── Information
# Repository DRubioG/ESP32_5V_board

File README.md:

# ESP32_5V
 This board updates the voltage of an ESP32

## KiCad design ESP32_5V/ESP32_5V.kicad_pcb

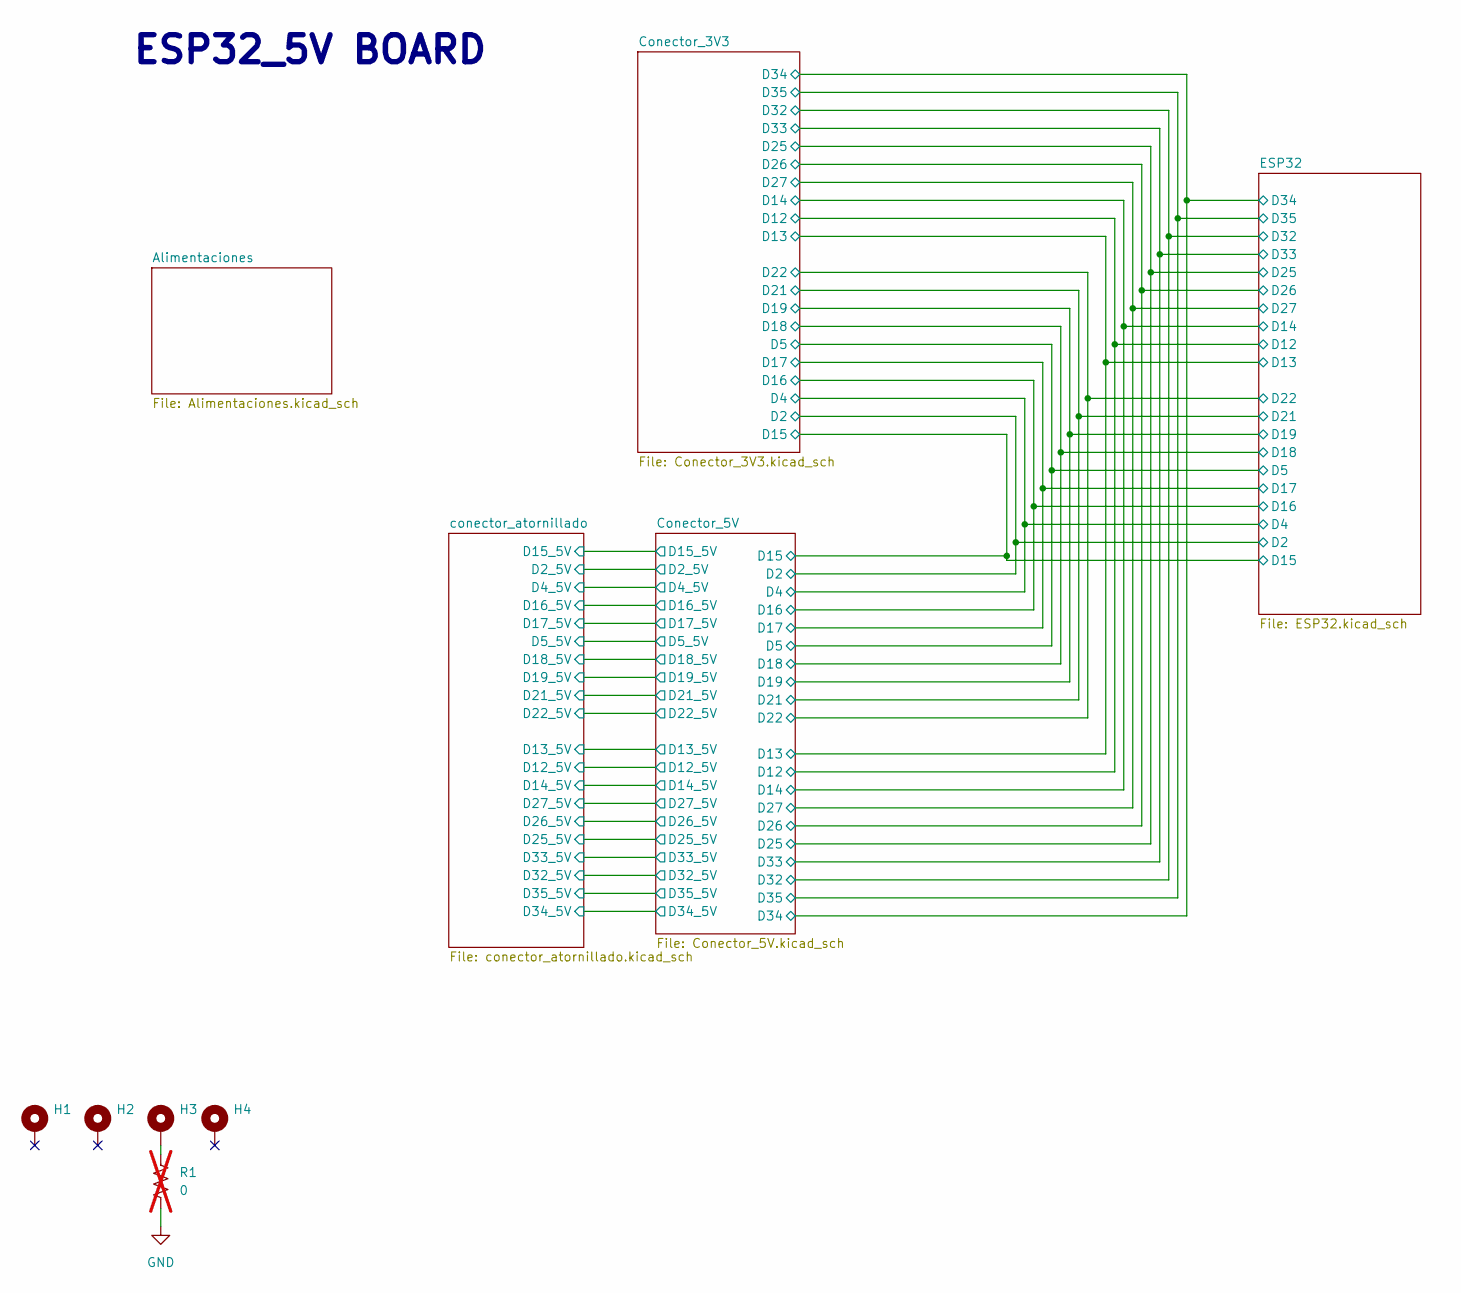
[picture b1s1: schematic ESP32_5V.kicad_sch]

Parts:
H1, H2, H3, H4: MountingHole_Pad; MountingHole_3.2mm_M3_Pad_Via
R1: 0; R_0805_2012Metric_Pad1.20x1.40mm_HandSolder; not fitted

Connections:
GND: R1.2; also elsewhere on the board
unnamed: H3.1 (1_1), R1.1

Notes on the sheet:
ESP32_5V BOARD

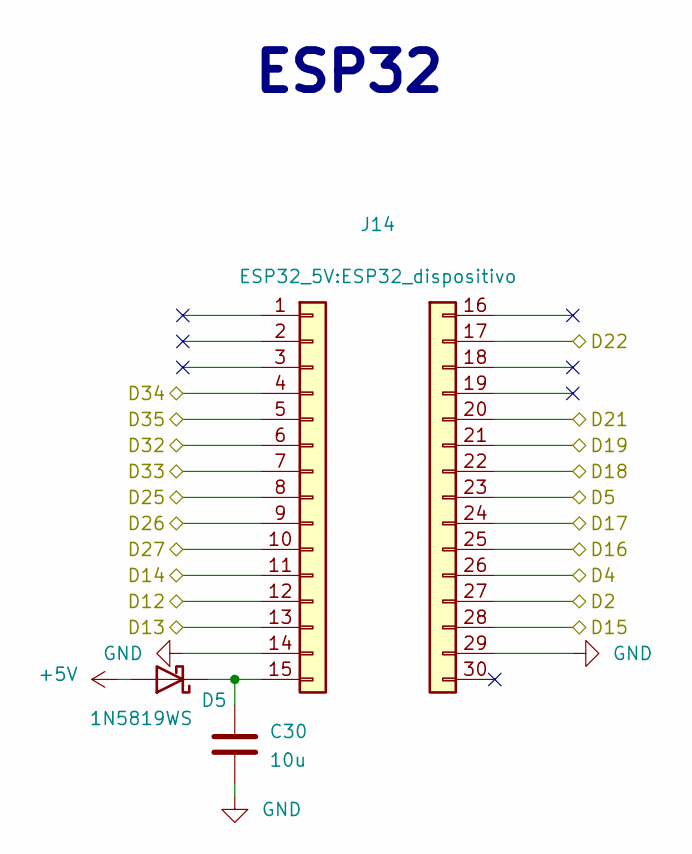
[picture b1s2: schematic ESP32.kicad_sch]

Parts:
C30: 10u; C_1206_3216Metric
D5: 1N5819WS; D_SOD-323
J14: ESP32_dispositivo

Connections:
+5V: D5.2 (A); also elsewhere on the board
/Conector_3V3/D2: J14.27; also elsewhere on the board
/Conector_3V3/D4: J14.26; also elsewhere on the board
/Conector_3V3/D5: J14.23; also elsewhere on the board
/Conector_3V3/D12: J14.12; also elsewhere on the board
/Conector_3V3/D13: J14.13; also elsewhere on the board
/Conector_3V3/D14: J14.11; also elsewhere on the board
/Conector_3V3/D15: J14.28; also elsewhere on the board
/Conector_3V3/D16: J14.25; also elsewhere on the board
/Conector_3V3/D17: J14.24; also elsewhere on the board
/Conector_3V3/D18: J14.22; also elsewhere on the board
/Conector_3V3/D19: J14.21; also elsewhere on the board
/Conector_3V3/D21: J14.20; also elsewhere on the board
/Conector_3V3/D22: J14.17; also elsewhere on the board
/Conector_3V3/D25: J14.8; also elsewhere on the board
/Conector_3V3/D26: J14.9; also elsewhere on the board
/Conector_3V3/D27: J14.10; also elsewhere on the board
/Conector_3V3/D32: J14.6; also elsewhere on the board
/Conector_3V3/D33: J14.7; also elsewhere on the board
/Conector_3V3/D34: J14.4; also elsewhere on the board
/Conector_3V3/D35: J14.5; also elsewhere on the board
GND: C30.2, J14.14, J14.29; also elsewhere on the board
unnamed: C30.1, D5.1 (K), J14.15

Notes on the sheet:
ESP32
────
Drop the images and copy all the data exactly.

## Exercise solution
# Repository DRubioG/ESP32_5V_board

File README.md:

# ESP32_5V
 This board updates the voltage of an ESP32

## KiCad design ESP32_5V/ESP32_5V.kicad_pcb

[picture b1s1: schematic ESP32_5V.kicad_sch]

Parts:
H1, H2, H3, H4: MountingHole_Pad; MountingHole_3.2mm_M3_Pad_Via
R1: 0; R_0805_2012Metric_Pad1.20x1.40mm_HandSolder; not fitted

Connections:
GND: R1.2; also elsewhere on the board
unnamed: H3.1 (1_1), R1.1

Notes on the sheet:
ESP32_5V BOARD

[picture b1s2: schematic ESP32.kicad_sch]

Parts:
C30: 10u; C_1206_3216Metric
D5: 1N5819WS; D_SOD-323
J14: ESP32_dispositivo

Connections:
+5V: D5.2 (A); also elsewhere on the board
/Conector_3V3/D2: J14.27; also elsewhere on the board
/Conector_3V3/D4: J14.26; also elsewhere on the board
/Conector_3V3/D5: J14.23; also elsewhere on the board
/Conector_3V3/D12: J14.12; also elsewhere on the board
/Conector_3V3/D13: J14.13; also elsewhere on the board
/Conector_3V3/D14: J14.11; also elsewhere on the board
/Conector_3V3/D15: J14.28; also elsewhere on the board
/Conector_3V3/D16: J14.25; also elsewhere on the board
/Conector_3V3/D17: J14.24; also elsewhere on the board
/Conector_3V3/D18: J14.22; also elsewhere on the board
/Conector_3V3/D19: J14.21; also elsewhere on the board
/Conector_3V3/D21: J14.20; also elsewhere on the board
/Conector_3V3/D22: J14.17; also elsewhere on the board
/Conector_3V3/D25: J14.8; also elsewhere on the board
/Conector_3V3/D26: J14.9; also elsewhere on the board
/Conector_3V3/D27: J14.10; also elsewhere on the board
/Conector_3V3/D32: J14.6; also elsewhere on the board
/Conector_3V3/D33: J14.7; also elsewhere on the board
/Conector_3V3/D34: J14.4; also elsewhere on the board
/Conector_3V3/D35: J14.5; also elsewhere on the board
GND: C30.2, J14.14, J14.29; also elsewhere on the board
unnamed: C30.1, D5.1 (K), J14.15

Notes on the sheet:
ESP32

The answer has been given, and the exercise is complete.